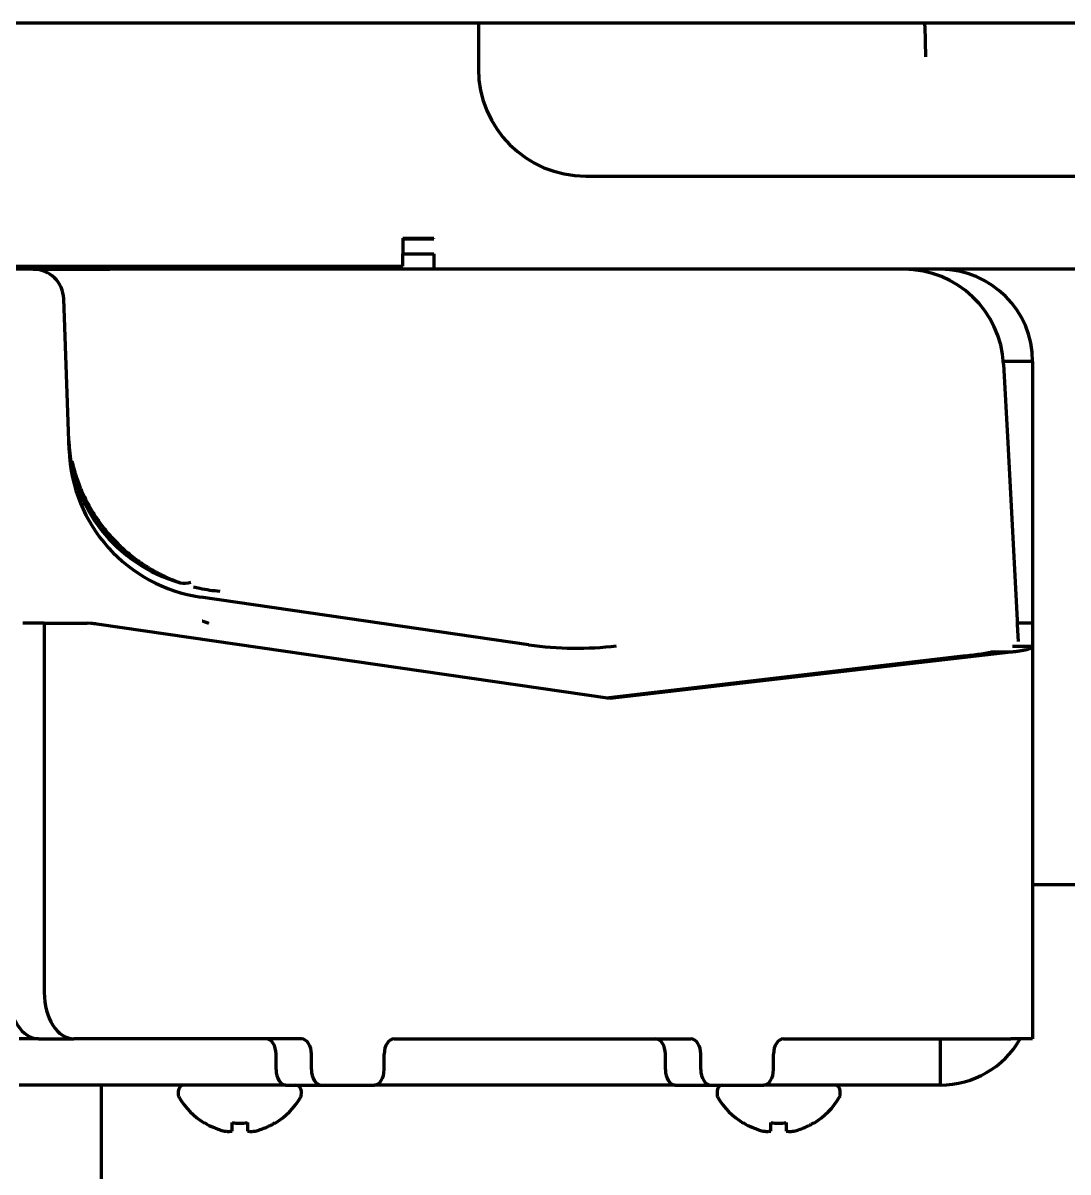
# Model space of a CAD drawing. Header units: inches. Extents: x -3077 to 7201, y 316 to 5463.
# Drawn here: x 2870.8 to 2938.7, y 2025.1 to 2099.8 of the extents above; entities that cross this region are included whole.
import ezdxf

# ---------------------------------------------------------------- set-up
doc = ezdxf.new("R2010")
doc.units = ezdxf.units.IN

msp = doc.modelspace()

# ---------------------------------------------------------------- linework, layer by layer
at = {"linetype": 'Continuous', "lineweight": 70}
for p, q in [((2822.852, 2099.756), (2988.852, 2099.756)), ((2900.352, 2099.756), (2900.352, 2096.779)), ((2929.352, 2099.561), (2929.352, 2099.756)), ((2929.352, 2099.561), (2929.402, 2097.561)), ((2907.326, 2089.806), (3161.379, 2089.806)), ((2895.452, 2085.78), (2895.452, 2085.754)), ((2897.452, 2085.756), (2895.452, 2085.756)), ((2895.452, 2085.736), (2897.452, 2085.736)), ((2895.452, 2085.736), (2895.452, 2084.756)), ((2897.452, 2085.736), (2897.452, 2085.756)), ((2895.452, 2083.956), (2895.452, 2084.756)), ((2895.452, 2084.756), (2897.452, 2084.756)), ((2897.452, 2084.756), (2897.452, 2083.756)), ((2866.848, 2083.956), (2893.452, 2083.956)), ((2871.121, 2083.756), (2869.852, 2083.756)), ((2871.421, 2083.756), (2871.121, 2083.756)), ((2871.421, 2083.756), (2876.418, 2083.756)), ((2875.852, 2083.97), (2875.852, 2083.78)), ((2876.352, 2083.956), (2876.352, 2083.756)), ((2879.352, 2083.756), (2876.38, 2083.756)), ((2897.452, 2083.756), (2879.352, 2083.756)), ((2893.452, 2083.956), (2895.452, 2083.956)), ((3632.252, 2083.756), (2897.452, 2083.756)), ((2873.763, 2072.001), (2873.42, 2081.826)), ((2936.352, 2077.756), (2934.459, 2077.756)), ((2934.47, 2077.596), (2934.738, 2072.483)), ((2936.352, 2077.756), (2936.352, 2060.756)), ((2934.738, 2072.483), (2935.342, 2060.958)), ((2903.616, 2059.363), (2882.32, 2062.454)), ((2872.15, 2060.756), (2870.768, 2060.756)), ((2872.15, 2060.756), (2874.928, 2060.756)), ((2872.15, 2060.756), (2872.15, 2036.756)), ((2875.175, 2060.743), (2874.928, 2060.756)), ((2908.886, 2055.864), (2875.572, 2060.704)), ((2882.827, 2060.756), (2882.746, 2060.756)), ((2935.342, 2060.958), (2935.356, 2060.68)), ((2936.352, 2060.756), (2935.352, 2060.756)), ((2935.356, 2060.68), (2935.414, 2059.568)), ((2936.352, 2060.756), (2936.352, 2060.733)), ((2936.352, 2060.733), (2936.352, 2059.245)), ((2936.352, 2059.245), (2935.055, 2059.245)), ((2936.352, 2059.245), (2936.352, 2033.756)), ((2932, 2058.64), (2908.641, 2055.9)), ((2934.948, 2058.871), (2908.886, 2055.864)), ((2934.948, 2058.871), (2933.613, 2058.871)), ((2971.861, 2043.756), (2936.36, 2043.756)), ((2871.781, 2033.756), (2870.511, 2033.756)), ((2871.781, 2033.756), (2874.079, 2033.756)), ((2888.863, 2033.756), (2874.079, 2033.756)), ((2894.872, 2033.756), (2914.155, 2033.756)), ((2920.164, 2033.756), (2934.948, 2033.756)), ((2930.352, 2033.756), (2930.352, 2030.756)), ((2936.352, 2033.756), (2934.948, 2033.756)), ((2887.207, 2031.756), (2887.207, 2032.756)), ((2889.506, 2031.756), (2889.506, 2032.756)), ((2894.229, 2031.756), (2894.229, 2032.756)), ((2912.5, 2031.756), (2912.5, 2032.756)), ((2914.798, 2031.756), (2914.798, 2032.756)), ((2919.522, 2031.756), (2919.522, 2032.756)), ((2887.851, 2030.756), (2870.511, 2030.756)), ((2875.852, 2030.76), (2875.852, 1953.206)), ((2887.85, 2030.756), (2890.148, 2030.756)), ((2890.148, 2030.756), (2893.586, 2030.756)), ((2913.142, 2030.756), (2893.587, 2030.756)), ((2913.143, 2030.756), (2915.441, 2030.756)), ((2915.441, 2030.756), (2918.879, 2030.756)), ((2929.65, 2030.756), (2918.879, 2030.756)), ((2930.352, 2030.756), (2929.65, 2030.756)), ((2880.852, 2030.356), (2880.852, 2030.156)), ((2888.852, 2030.156), (2888.852, 2030.356)), ((2915.852, 2030.356), (2915.852, 2030.156)), ((2923.852, 2030.156), (2923.852, 2030.356)), ((2882.552, 2028.278), (2882.552, 2028.311)), ((2887.152, 2028.311), (2887.152, 2028.278)), ((2917.552, 2028.278), (2917.552, 2028.311)), ((2922.152, 2028.311), (2922.152, 2028.278))]:
    msp.add_line(p, q, dxfattribs=at)
for centre, radius, start, end in [((2871.421, 2081.756), 2, 2, 90), ((2927.979, 2077.256), 6.5, 3, 90), ((2930.352, 2077.756), 6, 0, 90), ((2883.757, 2072.35), 10, 182, 261.74056), ((2930.352, 2036.756), 6, 270, 330), ((2881.252, 2030.356), 0.4, 90, 180), ((2888.452, 2030.356), 0.4, 0, 90), ((2916.252, 2030.356), 0.4, 90, 180), ((2923.452, 2030.356), 0.4, 0, 90), ((2881.252, 2030.156), 0.4, 180, 210.30118), ((2885.051, 2032.376), 4.8, 210.30118, 238.62729), ((2884.653, 2032.376), 4.8, 301.37271, 329.69882), ((2888.452, 2030.156), 0.4, 329.69882, 0), ((2916.252, 2030.156), 0.4, 180, 210.30118), ((2920.051, 2032.376), 4.8, 210.30118, 238.62729), ((2919.653, 2032.376), 4.8, 301.37271, 329.69882), ((2923.452, 2030.156), 0.4, 329.69882, 0)]:
    msp.add_arc(centre, radius, start, end, dxfattribs=at)
for centre, major_axis, ratio, start_param, end_param in [((2907.379, 2096.833), (-4.987, -4.987), 0.992433, 5.501585, 7.064785), ((2883.735, 2072.959), (9.994, 0.349), 0.995344, 3.141593, 4.398124), ((2881.804, 2066.261), (1.064, 2.805), 0.664407, 3.264548, 3.598457), ((2874.949, 2050.314), (0, 10.435), 0.642788, 6.190075, 6.249484), ((2905.893, 2109.556), (-1.504, 50.411), 0.654536, 3.027056, 3.200327), ((2920.394, 2059.57), (-15.021, 0.009), 0.096833, 2.453947, 2.689199), ((2871.781, 2036.756), (0, -3), 0.642788, 4.712389, 6.283185), ((2874.079, 2036.756), (0, 3), 0.642788, 1.570796, 3.141593), ((2886.565, 2032.756), (0, 1), 0.642788, 4.712389, 6.283185), ((2888.863, 2032.756), (0, -1), 0.642788, 1.570796, 3.141593), ((2894.872, 2032.756), (0, -1), 0.642788, 3.141593, 4.712389), ((2911.857, 2032.756), (0, 1), 0.642788, 4.712389, 6.283185), ((2914.155, 2032.756), (0, -1), 0.642788, 1.570796, 3.141593), ((2920.164, 2032.756), (0, -1), 0.642788, 3.141593, 4.712389), ((2887.85, 2031.756), (0, -1), 0.642788, 4.712389, 6.283185), ((2890.148, 2031.756), (0, 1), 0.642788, 1.570796, 3.141593), ((2893.586, 2031.756), (0, 1), 0.642788, 3.141593, 4.712389), ((2913.143, 2031.756), (0, -1), 0.642788, 4.712389, 6.283185), ((2915.441, 2031.756), (0, 1), 0.642788, 1.570796, 3.141593), ((2918.879, 2031.756), (0, 1), 0.642788, 3.141593, 4.712389)]:
    msp.add_ellipse(centre, major_axis=major_axis, ratio=ratio, start_param=start_param, end_param=end_param, dxfattribs=at)
for points, knots in [([(2873.96, 2071.272), (2873.961, 2071.269), (2873.965, 2071.249), (2873.973, 2071.212), (2873.985, 2071.161), (2873.997, 2071.11), (2874.009, 2071.059), (2874.022, 2071.007), (2874.035, 2070.956), (2874.048, 2070.904), (2874.062, 2070.852), (2874.076, 2070.8), (2874.09, 2070.748), (2874.105, 2070.696), (2874.12, 2070.643), (2874.135, 2070.591), (2874.15, 2070.538), (2874.166, 2070.485), (2874.182, 2070.433), (2874.199, 2070.38), (2874.216, 2070.327), (2874.233, 2070.273), (2874.251, 2070.22), (2874.269, 2070.167), (2874.337, 2069.968), (2874.471, 2069.608), (2874.698, 2069.081), (2874.978, 2068.521), (2875.317, 2067.934), (2875.658, 2067.423), (2875.981, 2066.989), (2876.271, 2066.633), (2876.586, 2066.276), (2876.928, 2065.922), (2877.298, 2065.573), (2877.695, 2065.232), (2878.008, 2064.988), (2878.224, 2064.83), (2878.332, 2064.753), (2878.44, 2064.678), (2878.548, 2064.605), (2878.655, 2064.534), (2878.762, 2064.466), (2878.869, 2064.399), (2878.975, 2064.334), (2879.081, 2064.271), (2879.186, 2064.21), (2879.291, 2064.15), (2879.396, 2064.093), (2879.499, 2064.037), (2879.603, 2063.983), (2879.705, 2063.931), (2879.808, 2063.88), (2879.909, 2063.831), (2880.01, 2063.784), (2880.11, 2063.738), (2880.209, 2063.693), (2880.308, 2063.651), (2880.406, 2063.609), (2880.503, 2063.569), (2880.599, 2063.531), (2880.695, 2063.494), (2880.789, 2063.458), (2880.883, 2063.424), (2880.945, 2063.402), (2880.976, 2063.391)], [0, 0, 0, 0, 0.000736, 0.005138, 0.00956, 0.014, 0.018459, 0.022937, 0.027435, 0.031952, 0.036488, 0.041043, 0.045618, 0.050212, 0.054825, 0.059458, 0.06411, 0.068781, 0.073472, 0.078182, 0.082912, 0.087661, 0.09243, 0.097217, 0.102024, 0.146282, 0.195552, 0.249824, 0.309058, 0.3732, 0.412611, 0.453859, 0.496927, 0.541816, 0.588522, 0.637036, 0.687343, 0.699953, 0.712455, 0.724849, 0.737136, 0.749317, 0.76139, 0.773357, 0.785217, 0.796971, 0.808619, 0.820161, 0.831598, 0.842928, 0.854152, 0.865268, 0.876278, 0.88718, 0.897974, 0.90866, 0.919238, 0.929709, 0.940072, 0.950327, 0.960475, 0.970516, 0.98045, 0.990278, 1, 1, 1, 1]), ([(2881.84, 2063.128), (2881.977, 2063.093), (2882.115, 2063.061), (2882.683, 2062.94), (2883.115, 2062.878), (2883.549, 2062.845)], [0, 0, 0, 0, 0.242872, 0.242872, 1, 1, 1, 1]), ([(2882.826, 2060.755), (2882.825, 2060.756), (2882.817, 2060.758), (2882.802, 2060.762), (2882.783, 2060.768), (2882.765, 2060.774), (2882.746, 2060.78), (2882.729, 2060.785), (2882.712, 2060.791), (2882.696, 2060.796), (2882.68, 2060.801), (2882.665, 2060.806), (2882.65, 2060.811), (2882.636, 2060.816), (2882.623, 2060.82), (2882.61, 2060.825), (2882.598, 2060.829), (2882.586, 2060.833), (2882.575, 2060.837), (2882.564, 2060.841), (2882.554, 2060.844), (2882.545, 2060.848), (2882.536, 2060.851), (2882.502, 2060.863), (2882.463, 2060.878), (2882.427, 2060.892), (2882.418, 2060.895)], [0, 0, 0, 0, 0.011172, 0.059404, 0.106241, 0.15168, 0.195723, 0.23837, 0.27962, 0.319475, 0.357933, 0.394995, 0.430661, 0.464932, 0.497806, 0.529285, 0.559368, 0.588056, 0.615348, 0.641245, 0.665747, 0.688853, 0.710565, 0.730881, 0.938091, 1, 1, 1, 1]), ([(2882.552, 2028.311), (2882.755, 2028.186), (2882.965, 2028.078), (2883.29, 2027.941), (2883.4, 2027.899), (2883.623, 2027.823), (2883.737, 2027.789), (2883.852, 2027.76)], [0, 0, 0, 0, 0.5, 0.5, 0.75, 0.75, 1, 1, 1, 1]), ([(2885.352, 2028.311), (2885.352, 2028.186), (2885.352, 2028.078), (2885.352, 2027.941), (2885.352, 2027.899), (2885.352, 2027.823), (2885.352, 2027.789), (2885.352, 2027.76)], [0, 0, 0, 0, 0.5, 0.5, 0.75, 0.75, 1, 1, 1, 1]), ([(2917.552, 2028.311), (2917.755, 2028.186), (2917.965, 2028.078), (2918.29, 2027.941), (2918.4, 2027.899), (2918.623, 2027.823), (2918.737, 2027.789), (2918.852, 2027.76)], [0, 0, 0, 0, 0.5, 0.5, 0.75, 0.75, 1, 1, 1, 1]), ([(2920.352, 2028.311), (2920.352, 2028.186), (2920.352, 2028.078), (2920.352, 2027.941), (2920.352, 2027.899), (2920.352, 2027.823), (2920.352, 2027.789), (2920.352, 2027.76)], [0, 0, 0, 0, 0.5, 0.5, 0.75, 0.75, 1, 1, 1, 1])]:
    msp.add_open_spline(points, degree=3, knots=knots, dxfattribs=at)
for points in [[(2936.352, 2059.245), (2936.352, 2059.237), (2936.349, 2059.221), (2936.334, 2059.197), (2936.308, 2059.173), (2936.273, 2059.15), (2936.228, 2059.126), (2936.172, 2059.103), (2936.107, 2059.08), (2936.032, 2059.057), (2935.948, 2059.035), (2935.854, 2059.013), (2935.751, 2058.991), (2935.639, 2058.97), (2935.518, 2058.949), (2935.388, 2058.929), (2935.25, 2058.909), (2935.104, 2058.89), (2935.001, 2058.877), (2934.948, 2058.871)], [(2883.852, 2027.76), (2883.876, 2027.757), (2883.923, 2027.752), (2883.995, 2027.747), (2884.066, 2027.744), (2884.138, 2027.744), (2884.209, 2027.747), (2884.281, 2027.752), (2884.328, 2027.757), (2884.352, 2027.76)], [(2884.352, 2027.76), (2884.352, 2027.774), (2884.352, 2027.804), (2884.352, 2027.854), (2884.352, 2027.911), (2884.352, 2027.972), (2884.352, 2028.038), (2884.352, 2028.113), (2884.352, 2028.2), (2884.352, 2028.272), (2884.352, 2028.311)], [(2884.352, 2028.311), (2884.519, 2028.289), (2884.852, 2028.267), (2885.186, 2028.289), (2885.352, 2028.311)], [(2885.352, 2027.76), (2885.378, 2027.757), (2885.429, 2027.751), (2885.503, 2027.746), (2885.575, 2027.744), (2885.645, 2027.744), (2885.714, 2027.747), (2885.783, 2027.752), (2885.829, 2027.757), (2885.852, 2027.76)], [(2885.852, 2027.76), (2885.906, 2027.774), (2886.015, 2027.804), (2886.176, 2027.854), (2886.335, 2027.911), (2886.49, 2027.972), (2886.642, 2028.038), (2886.799, 2028.113), (2886.965, 2028.2), (2887.088, 2028.272), (2887.152, 2028.311)], [(2918.852, 2027.76), (2918.876, 2027.757), (2918.923, 2027.752), (2918.995, 2027.747), (2919.066, 2027.744), (2919.138, 2027.744), (2919.209, 2027.747), (2919.281, 2027.752), (2919.328, 2027.757), (2919.352, 2027.76)], [(2919.352, 2027.76), (2919.352, 2027.774), (2919.352, 2027.804), (2919.352, 2027.854), (2919.352, 2027.911), (2919.352, 2027.972), (2919.352, 2028.038), (2919.352, 2028.113), (2919.352, 2028.2), (2919.352, 2028.272), (2919.352, 2028.311)], [(2919.352, 2028.311), (2919.519, 2028.289), (2919.852, 2028.267), (2920.186, 2028.289), (2920.352, 2028.311)], [(2920.352, 2027.76), (2920.378, 2027.757), (2920.429, 2027.751), (2920.503, 2027.746), (2920.575, 2027.744), (2920.645, 2027.744), (2920.714, 2027.747), (2920.783, 2027.752), (2920.829, 2027.757), (2920.852, 2027.76)], [(2920.852, 2027.76), (2920.906, 2027.774), (2921.015, 2027.804), (2921.176, 2027.854), (2921.335, 2027.911), (2921.49, 2027.972), (2921.642, 2028.038), (2921.799, 2028.113), (2921.965, 2028.2), (2922.088, 2028.272), (2922.152, 2028.311)]]:
    msp.add_open_spline(points, degree=3, dxfattribs=at)

doc.saveas('drawing.dxf')

---*---

### Exercise requirements
The answer is the lines above between the line holding "msp.add_line(p, q, dxfattribs=at)" and the line holding "msp.add_arc(centre, radius, start, end, dxfattribs=at)", inclusive, each written out exactly, and no others.

### Task output
    msp.add_line(p, q, dxfattribs=at)
for centre, radius, start, end in [((2871.421, 2081.756), 2, 2, 90), ((2927.979, 2077.256), 6.5, 3, 90), ((2930.352, 2077.756), 6, 0, 90), ((2883.757, 2072.35), 10, 182, 261.74056), ((2930.352, 2036.756), 6, 270, 330), ((2881.252, 2030.356), 0.4, 90, 180), ((2888.452, 2030.356), 0.4, 0, 90), ((2916.252, 2030.356), 0.4, 90, 180), ((2923.452, 2030.356), 0.4, 0, 90), ((2881.252, 2030.156), 0.4, 180, 210.30118), ((2885.051, 2032.376), 4.8, 210.30118, 238.62729), ((2884.653, 2032.376), 4.8, 301.37271, 329.69882), ((2888.452, 2030.156), 0.4, 329.69882, 0), ((2916.252, 2030.156), 0.4, 180, 210.30118), ((2920.051, 2032.376), 4.8, 210.30118, 238.62729), ((2919.653, 2032.376), 4.8, 301.37271, 329.69882), ((2923.452, 2030.156), 0.4, 329.69882, 0)]:
    msp.add_arc(centre, radius, start, end, dxfattribs=at)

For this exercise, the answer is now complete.